Thanks again, rgds, Lin.
Hey Lin! Thank you for dropping by my blog and I am so happy to hear that!
For the sea salt, I will usually do it during 2nd bake. Sprinkling it too early might cause it to dissolve or mix into the tart. Hope that helps 🙂
Hi! I’ve baked them and i love it! However, the nutella topping does not stick to the tart base, if i flick it the whole piece of toasted nutella will just fall off the tart base. Is it supposed to be like this?
Hey Rain! Thank you for dropping by my blog and I am so happy to hear that you like it!
Regarding the sticking, its likely that it hasn’t set properly yet. Perhaps you can bake it for slightly longer. For the Nutella part, it requires some experimentation to see the right temperature / duration for setting. If its too high, the Nutella might crack and burn but if its too low, it won’t be set.
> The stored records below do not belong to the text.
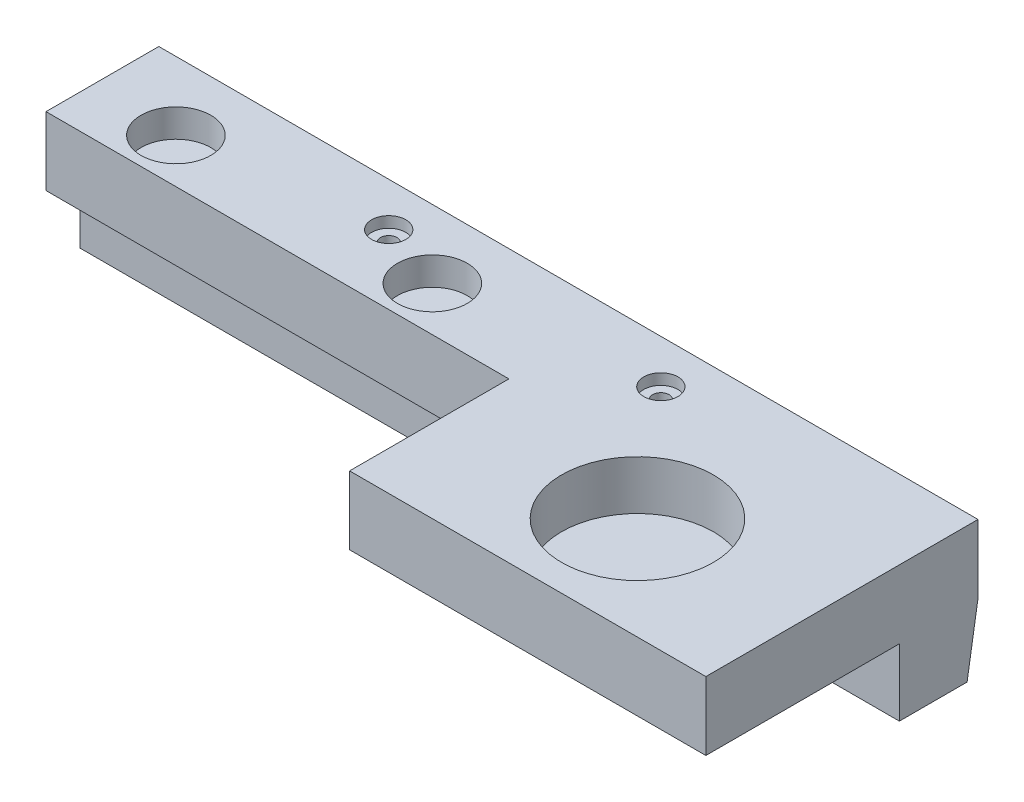
SolidWorks part; units mm, degrees
ref_plane "Płaszczyzna przednia" through (0, 0, 0) normal (0, 0, 1) x (1, 0, 0)
ref_plane "Płaszczyzna górna" through (0, 0, 0) normal (0, 1, 0) x (1, 0, 0)
ref_plane "Płaszczyzna prawa" through (0, 0, 0) normal (1, 0, 0) x (0, 0, -1)
sketch "Szkic1" plane through (0, 0, 0) normal (0, 0, 1) x (1, 0, 0)
  line L1 (-58.3066, 32.0248) -> (61.4934, 32.0248)
  line L2 (-58.3066, 32.0248) -> (-58.3066, 22.0248)
  line L3 (-58.3066, 22.0248) -> (61.4934, 22.0248)
  line L4 (61.4934, 32.0248) -> (61.4934, 22.0248)
  dimension "D1" = 119.8
  dimension "D2" = 10
extrude "Dodanie-wyciągnięcie2" add sketch "Szkic1" along normal blind 38.3 contours L2 L3 L4 L1
sketch "Szkic21" plane through (0, 32.0248, 0) normal (0, 1, 0) x (1, 0, 0)
  line L0 (61.4934, -38.3) -> (61.4934, 0) construction
  line L1 (-58.3066, 0) -> (61.4934, 0)
  line L2 (-58.3066, 0) -> (-58.3066, -10)
  line L3 (-58.3066, -10) -> (61.4934, -10)
  line L4 (61.4934, 0) -> (61.4934, -10)
extrude "Dodanie-wyciągnięcie3" add sketch "Szkic21" along normal blind 9.8
sketch "Szkic22" plane through (0, 22.0248, 0) normal (0, -1, 0) x (1, 0, 0)
  line L0 (-58.3066, 4.88) -> (-18.3066, 4.88) construction
  line L1 (-58.3066, 38.3) -> (-58.3066, 0) construction
  line L2 (-18.3066, 4.88) -> (21.4934, 4.88) construction
  line L3 (21.4934, 4.88) -> (61.4934, 4.88) construction
  line L4 (61.4934, 38.3) -> (61.4934, 0) construction
  line L5 (1.9729, 4.88) -> (1.9729, 0) construction
  line L6 (-58.3066, 0) -> (61.4934, 0) construction
hole_wizard "Pogłębienie walcowe pod M2 wkręt do części metalowych z łbem stożkowym ściętym2" positions "Szkic23" profile "Szkic24" counterbore size "M2" standard "Ansi Metric" end condition through all
sketch "Szkic23" plane through (0, 22.0248, 0) normal (0, -1, 0) x (-1, 0, 0)
  point P0 (-21.4934, -4.88)
  point P3 (18.3066, -4.88)
sketch "Szkic24" plane through (21.4934, 22.0248, 4.88) normal (1, 0, 0) x (0, 0, -1)
  line L0 (0, 0) -> (0, 19.8)
  line L1 (0, 19.8) -> (1.2, 19.8)
  line L3 (1.2, 19.8) -> (1.2, 1.6)
  line L4 (1.2, 1.6) -> (2.5, 1.6)
  line L5 (2.5, 1.6) -> (2.5, 0)
  line L7 (2.5, 0) -> (0, 0)
  line L11 (0, -6.35) -> (0, 107.95) construction
  dimension "Średnica otworu na wylot" = 2.4
  dimension "Głębokość otworu na wylot" = 19.8
  dimension "Średnica pogłębienia walcowego" = 5
  dimension "Głębokość pogłębienia walcowego" = 1.6
sketch "Szkic28" plane through (0, 22.0248, 0) normal (0, -1, 0) x (1, 0, 0)
  line L0 (36.4934, 0) -> (36.4934, 23.3) construction
  line L1 (-58.3066, 0) -> (61.4934, 0) construction
  line L2 (36.4934, 23.3) -> (61.4934, 23.3) construction
  line L3 (61.4934, 38.3) -> (61.4934, 0) construction
  line L4 (-58.3066, 38.3) -> (61.4934, 38.3) construction
  circle A0 centre (36.4934, 23.3) radius 11.1
  dimension "D1" = 15
extrude "Wytnij-wyciągnięcie1" cut sketch "Szkic28" against normal blind 7.2
sketch "Szkic31" plane through (61.4934, 0, 0) normal (1, 0, 0) x (0, 0, -1)
  line L0 (-10, 32.0248) -> (-10, 71.9248)
  line L2 (0, 41.2325) -> (0, 32.0248)
  line L6 (0, 41.8248) -> (0, 22.0248) construction
  line L8 (0, 32.0248) -> (1.5, 32.0248)
  line L10 (-10, 32.0248) -> (1.5, 32.0248)
  line L12 (-10, 71.9248) -> (-5, 71.9248)
  line L13 (-5, 71.9248) -> (1.5, 32.0248)
  line L14 (-0.4105, 43.7521) -> (0.2752, 39.543)
  line L15 (0.2752, 39.543) -> (3.3905, 40.0505)
  line L16 (3.3905, 40.0505) -> (-0.4105, 43.7521)
  line M5 (0, 22.0248) -> (0, 41.8248)
  line M6 (0, 41.8248) -> (-10, 41.8248)
extrude "Wytnij-wyciągnięcie4" cut sketch "Szkic31" against normal blind 124.8 contours L13 M6 M5 region at (61.4934, 41.6274, 0.0322)
extrude "Dodanie-wyciągnięcie5" add sketch "Szkic31<5>" against normal blind 119.8 contours L13 L8 M5 region at (61.4934, 35.0941, -0.5)
sketch "Szkic31<5>" plane through (61.4934, 0, 0) normal (1, 0, 0) x (0, 0, -1) same geometry as "Szkic31"
sketch "Szkic34" plane through (0, 0, 0) normal (0, 0, -1) x (-1, 0, 0)
  line L1 (-61.4934, 32.0248) -> (58.3066, 32.0248)
  line L2 (-61.4934, 32.0248) -> (-61.4934, 22.0248)
  line L3 (-61.4934, 22.0248) -> (58.3066, 22.0248)
  line L4 (58.3066, 32.0248) -> (58.3066, 22.0248)
extrude "Dodanie-wyciągnięcie6" add sketch "Szkic34" along normal blind 1.5
sketch "Szkic37" plane through (0, 32.0248, 0) normal (0, 1, 0) x (1, 0, 0)
  line L1 (61.4934, -38.3) -> (9.3934, -38.3)
  line L2 (61.4934, -38.3) -> (61.4934, -30)
  line L3 (61.4934, -30) -> (9.3934, -30)
  line L4 (9.3934, -38.3) -> (9.3934, -30)
mirror "Lustro2" about plane through (-58.3066, 22.0248, 38.3) normal (0, 1, 0) of bodies 125 144
move or copy body "Obiekt-Przenieś/Kopiuj1" bodies to move or copy 146 copy no translate (0, -36.7663, 0) parameters "D1"=0, "D2"=36.7663, "D3"=0
delete or keep bodies "Obiekt-Usuń/zachowaj 1" type delete bodies bodies 125
sketch "Szkic38" plane through (0, 0, 38.3) normal (0, 0, 1) x (1, 0, 0)
  line L0 (-58.3066, -24.7414) -> (61.4934, -24.7414) construction
  line L1 (-58.3066, -14.7414) -> (9.3934, -14.7414)
  line L2 (-58.3066, -14.7414) -> (-58.3066, -24.7414)
  line L3 (-58.3066, -24.7414) -> (9.3934, -24.7414)
  line L4 (9.3934, -14.7414) -> (9.3934, -24.7414)
extrude "Wytnij-wyciągnięcie5" cut sketch "Szkic38" against normal blind 23.3
sketch "Szkic39" plane through (0, -14.7414, 0) normal (0, 1, 0) x (1, 0, 0)
  line L0 (-58.3066, -8.5) -> (-33.3066, -8.5) construction
  line L2 (-33.3066, -8.5) -> (-8.3066, -8.5) construction
  line L3 (61.4934, 1.5) -> (-58.3066, 1.5) construction
  circle A0 centre (-45.8066, -8.5) radius 5.1
  circle A1 centre (-8.3066, -8.5) radius 5.1
  dimension "D1" = 10
extrude "Wytnij-wyciągnięcie6" cut sketch "Szkic39" against normal blind 4.1

If I have to be precise, I suspect for your case you might be able to switch to just top heat. This allows the top to set, while allowing the bottom to be still slightly gooey to sitck! Hope that helps 🙂
Hi Javier!!
Thanks for sharing this awesome recipe! Had a massive craving for Nutella tart and tried to make this over the weekend.
I achieved the buttery melt-in-your-mouth texture! However the Nutella didn’t manage to set well after the second bake… I tried to up the temperature to 150 and baked it for another 5-7 minutes and still didn’t quite set. Any tips on how to get it set properly? Thanks in advance!! 🙏
Hey Olivia, thank you for dropping by my blog and I am so glad that you tried your hand at these!
I would recommend heating it for even longer. Its likely that the temperature was too low and as such, it did not managed to set! Perhaps 2-3 minutes longer for a start. Hope that helps!
If it still doesn’t set, you can consider higher temperatures of 160 degrees too!